Records to use.
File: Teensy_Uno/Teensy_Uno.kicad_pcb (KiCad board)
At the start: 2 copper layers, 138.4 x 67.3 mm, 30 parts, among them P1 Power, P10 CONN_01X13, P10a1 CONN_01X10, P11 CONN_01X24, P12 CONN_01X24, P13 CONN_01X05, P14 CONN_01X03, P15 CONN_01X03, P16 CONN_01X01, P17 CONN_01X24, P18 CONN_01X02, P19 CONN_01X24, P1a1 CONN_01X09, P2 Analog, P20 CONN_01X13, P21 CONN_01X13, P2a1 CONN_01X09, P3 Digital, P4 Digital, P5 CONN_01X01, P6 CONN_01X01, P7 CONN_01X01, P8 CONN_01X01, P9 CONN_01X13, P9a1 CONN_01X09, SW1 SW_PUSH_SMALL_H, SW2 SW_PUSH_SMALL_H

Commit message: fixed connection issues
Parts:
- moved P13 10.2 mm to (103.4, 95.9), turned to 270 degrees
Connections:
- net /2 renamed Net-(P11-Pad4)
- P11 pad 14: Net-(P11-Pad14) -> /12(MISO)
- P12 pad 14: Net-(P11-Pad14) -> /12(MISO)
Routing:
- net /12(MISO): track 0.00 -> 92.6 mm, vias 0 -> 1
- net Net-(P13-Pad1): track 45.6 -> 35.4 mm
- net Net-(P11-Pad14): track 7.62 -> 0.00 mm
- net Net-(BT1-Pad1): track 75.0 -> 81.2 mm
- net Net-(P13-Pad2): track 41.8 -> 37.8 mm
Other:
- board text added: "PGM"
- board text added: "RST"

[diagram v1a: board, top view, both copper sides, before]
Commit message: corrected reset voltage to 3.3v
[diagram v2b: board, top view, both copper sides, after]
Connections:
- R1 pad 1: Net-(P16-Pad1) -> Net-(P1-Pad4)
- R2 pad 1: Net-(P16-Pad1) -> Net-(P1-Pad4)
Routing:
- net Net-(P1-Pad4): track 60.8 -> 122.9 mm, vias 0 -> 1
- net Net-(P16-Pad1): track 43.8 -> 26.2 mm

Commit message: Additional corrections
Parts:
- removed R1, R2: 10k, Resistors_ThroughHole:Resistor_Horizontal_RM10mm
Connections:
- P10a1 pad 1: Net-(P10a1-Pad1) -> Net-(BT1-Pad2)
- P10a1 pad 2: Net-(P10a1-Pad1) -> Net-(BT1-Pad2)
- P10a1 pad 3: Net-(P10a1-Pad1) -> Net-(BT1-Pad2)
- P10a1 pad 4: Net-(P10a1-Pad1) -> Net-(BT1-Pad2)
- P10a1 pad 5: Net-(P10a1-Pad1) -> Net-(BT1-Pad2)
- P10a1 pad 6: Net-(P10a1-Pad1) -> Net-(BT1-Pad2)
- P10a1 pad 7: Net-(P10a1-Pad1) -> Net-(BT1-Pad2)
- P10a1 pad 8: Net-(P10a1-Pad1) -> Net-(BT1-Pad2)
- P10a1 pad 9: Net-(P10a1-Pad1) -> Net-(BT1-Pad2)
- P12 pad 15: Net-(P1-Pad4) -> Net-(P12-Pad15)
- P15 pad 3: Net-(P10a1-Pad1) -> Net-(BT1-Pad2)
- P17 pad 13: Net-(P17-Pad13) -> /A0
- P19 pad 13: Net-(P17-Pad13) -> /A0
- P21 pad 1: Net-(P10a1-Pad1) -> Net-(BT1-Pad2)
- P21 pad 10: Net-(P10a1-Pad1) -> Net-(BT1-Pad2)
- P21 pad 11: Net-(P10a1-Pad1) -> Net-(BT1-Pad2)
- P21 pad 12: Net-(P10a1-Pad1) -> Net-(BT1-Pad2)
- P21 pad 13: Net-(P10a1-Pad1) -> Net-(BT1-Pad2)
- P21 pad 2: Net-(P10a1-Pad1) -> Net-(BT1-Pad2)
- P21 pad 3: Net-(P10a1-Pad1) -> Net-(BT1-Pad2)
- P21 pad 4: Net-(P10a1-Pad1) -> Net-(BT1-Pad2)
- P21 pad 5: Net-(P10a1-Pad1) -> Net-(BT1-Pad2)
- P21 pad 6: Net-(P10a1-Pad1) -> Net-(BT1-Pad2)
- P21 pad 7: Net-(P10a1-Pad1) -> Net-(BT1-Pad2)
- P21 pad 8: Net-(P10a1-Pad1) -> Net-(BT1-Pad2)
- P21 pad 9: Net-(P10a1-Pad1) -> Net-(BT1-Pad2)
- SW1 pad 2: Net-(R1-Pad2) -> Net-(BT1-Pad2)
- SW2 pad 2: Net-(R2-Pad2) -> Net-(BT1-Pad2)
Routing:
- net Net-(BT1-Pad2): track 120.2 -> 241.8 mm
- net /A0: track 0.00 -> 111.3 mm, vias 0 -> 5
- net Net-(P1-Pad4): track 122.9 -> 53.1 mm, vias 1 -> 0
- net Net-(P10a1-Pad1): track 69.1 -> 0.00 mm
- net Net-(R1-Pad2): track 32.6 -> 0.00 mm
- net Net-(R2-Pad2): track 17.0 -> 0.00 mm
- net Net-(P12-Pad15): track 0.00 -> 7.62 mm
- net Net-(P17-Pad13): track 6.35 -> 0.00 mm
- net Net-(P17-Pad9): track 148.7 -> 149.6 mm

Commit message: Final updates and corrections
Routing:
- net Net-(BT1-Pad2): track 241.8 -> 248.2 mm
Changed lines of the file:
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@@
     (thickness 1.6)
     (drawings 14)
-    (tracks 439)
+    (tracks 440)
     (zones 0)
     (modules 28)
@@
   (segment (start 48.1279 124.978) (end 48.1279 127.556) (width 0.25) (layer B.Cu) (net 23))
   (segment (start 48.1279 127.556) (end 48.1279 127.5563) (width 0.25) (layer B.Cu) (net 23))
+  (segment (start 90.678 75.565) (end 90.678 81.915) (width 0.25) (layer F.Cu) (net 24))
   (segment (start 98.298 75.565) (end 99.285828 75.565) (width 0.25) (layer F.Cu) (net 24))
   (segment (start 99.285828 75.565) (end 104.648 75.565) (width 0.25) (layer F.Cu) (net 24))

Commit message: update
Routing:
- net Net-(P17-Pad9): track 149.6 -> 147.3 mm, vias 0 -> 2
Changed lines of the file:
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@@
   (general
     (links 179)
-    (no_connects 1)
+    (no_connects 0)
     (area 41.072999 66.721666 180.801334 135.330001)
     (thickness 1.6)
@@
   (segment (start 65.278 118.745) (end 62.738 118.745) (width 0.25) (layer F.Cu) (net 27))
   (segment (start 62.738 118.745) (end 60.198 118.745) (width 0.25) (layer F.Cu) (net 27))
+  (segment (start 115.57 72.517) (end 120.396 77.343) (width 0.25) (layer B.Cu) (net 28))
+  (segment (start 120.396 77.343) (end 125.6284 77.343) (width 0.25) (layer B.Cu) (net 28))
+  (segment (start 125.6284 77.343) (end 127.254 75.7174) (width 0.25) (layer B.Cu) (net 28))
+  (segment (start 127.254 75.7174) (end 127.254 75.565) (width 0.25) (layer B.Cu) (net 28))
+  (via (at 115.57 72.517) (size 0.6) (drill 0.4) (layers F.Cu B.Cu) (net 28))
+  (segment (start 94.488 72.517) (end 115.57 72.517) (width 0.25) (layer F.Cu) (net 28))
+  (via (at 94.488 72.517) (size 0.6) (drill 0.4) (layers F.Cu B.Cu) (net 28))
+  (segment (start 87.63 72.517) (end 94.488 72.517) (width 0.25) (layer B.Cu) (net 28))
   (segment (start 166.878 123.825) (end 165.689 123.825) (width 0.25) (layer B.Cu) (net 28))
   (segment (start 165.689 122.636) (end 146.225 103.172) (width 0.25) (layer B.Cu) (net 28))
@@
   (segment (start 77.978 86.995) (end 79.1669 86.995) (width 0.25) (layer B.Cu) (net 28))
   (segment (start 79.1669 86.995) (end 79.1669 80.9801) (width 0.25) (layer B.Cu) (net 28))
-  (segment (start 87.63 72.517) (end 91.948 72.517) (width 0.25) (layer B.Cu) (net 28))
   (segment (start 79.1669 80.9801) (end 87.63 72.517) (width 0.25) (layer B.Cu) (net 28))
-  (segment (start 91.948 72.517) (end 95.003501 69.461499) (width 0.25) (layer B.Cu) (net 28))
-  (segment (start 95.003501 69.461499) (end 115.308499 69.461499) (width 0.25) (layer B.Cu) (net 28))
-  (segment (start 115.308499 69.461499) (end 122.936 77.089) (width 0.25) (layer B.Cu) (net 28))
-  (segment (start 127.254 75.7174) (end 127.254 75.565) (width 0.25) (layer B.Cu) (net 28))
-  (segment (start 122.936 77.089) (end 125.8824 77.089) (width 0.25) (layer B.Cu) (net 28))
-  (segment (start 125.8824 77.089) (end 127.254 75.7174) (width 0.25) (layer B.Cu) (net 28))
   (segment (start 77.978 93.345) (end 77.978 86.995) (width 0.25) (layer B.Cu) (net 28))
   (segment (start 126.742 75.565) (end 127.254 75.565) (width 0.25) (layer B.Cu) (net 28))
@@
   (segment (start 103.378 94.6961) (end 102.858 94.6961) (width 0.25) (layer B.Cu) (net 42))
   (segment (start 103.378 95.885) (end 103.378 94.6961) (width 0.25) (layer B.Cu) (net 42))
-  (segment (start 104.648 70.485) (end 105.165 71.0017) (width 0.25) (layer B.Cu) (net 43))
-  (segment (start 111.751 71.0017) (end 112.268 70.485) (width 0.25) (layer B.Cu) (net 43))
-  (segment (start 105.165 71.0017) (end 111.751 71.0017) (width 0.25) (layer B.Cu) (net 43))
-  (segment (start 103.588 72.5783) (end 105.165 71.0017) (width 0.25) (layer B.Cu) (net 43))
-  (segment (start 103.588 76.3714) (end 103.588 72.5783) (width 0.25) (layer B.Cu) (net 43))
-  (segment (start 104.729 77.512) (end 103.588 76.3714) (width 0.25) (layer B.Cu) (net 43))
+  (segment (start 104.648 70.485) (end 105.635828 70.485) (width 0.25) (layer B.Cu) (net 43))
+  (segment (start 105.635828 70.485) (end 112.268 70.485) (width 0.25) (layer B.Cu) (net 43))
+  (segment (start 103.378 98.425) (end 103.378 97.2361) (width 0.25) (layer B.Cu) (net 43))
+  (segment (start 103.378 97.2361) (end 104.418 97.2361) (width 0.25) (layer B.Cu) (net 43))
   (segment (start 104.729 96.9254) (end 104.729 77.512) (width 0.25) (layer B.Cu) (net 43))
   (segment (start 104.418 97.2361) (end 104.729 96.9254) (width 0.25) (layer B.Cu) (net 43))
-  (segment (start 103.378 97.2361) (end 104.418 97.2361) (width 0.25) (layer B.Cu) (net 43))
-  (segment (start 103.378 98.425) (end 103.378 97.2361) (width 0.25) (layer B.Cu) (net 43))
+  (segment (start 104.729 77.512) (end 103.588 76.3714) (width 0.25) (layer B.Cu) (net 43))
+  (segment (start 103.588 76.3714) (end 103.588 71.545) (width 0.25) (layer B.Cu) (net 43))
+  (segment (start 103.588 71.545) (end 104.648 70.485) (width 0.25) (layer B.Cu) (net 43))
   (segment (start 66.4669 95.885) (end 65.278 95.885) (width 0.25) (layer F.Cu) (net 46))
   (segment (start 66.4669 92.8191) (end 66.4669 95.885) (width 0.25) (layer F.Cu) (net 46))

Exercise. Going back to the entries above, set down exactly the lines that begin at the one with "- P21 pad 10: Net-(P10a1-Pad1)" and end at the one with "- P21 pad 3: Net-(P10a1-Pad1)", both included, and nothing else.

Answer for this exercise.
- P21 pad 10: Net-(P10a1-Pad1) -> Net-(BT1-Pad2)
- P21 pad 11: Net-(P10a1-Pad1) -> Net-(BT1-Pad2)
- P21 pad 12: Net-(P10a1-Pad1) -> Net-(BT1-Pad2)
- P21 pad 13: Net-(P10a1-Pad1) -> Net-(BT1-Pad2)
- P21 pad 2: Net-(P10a1-Pad1) -> Net-(BT1-Pad2)
- P21 pad 3: Net-(P10a1-Pad1) -> Net-(BT1-Pad2)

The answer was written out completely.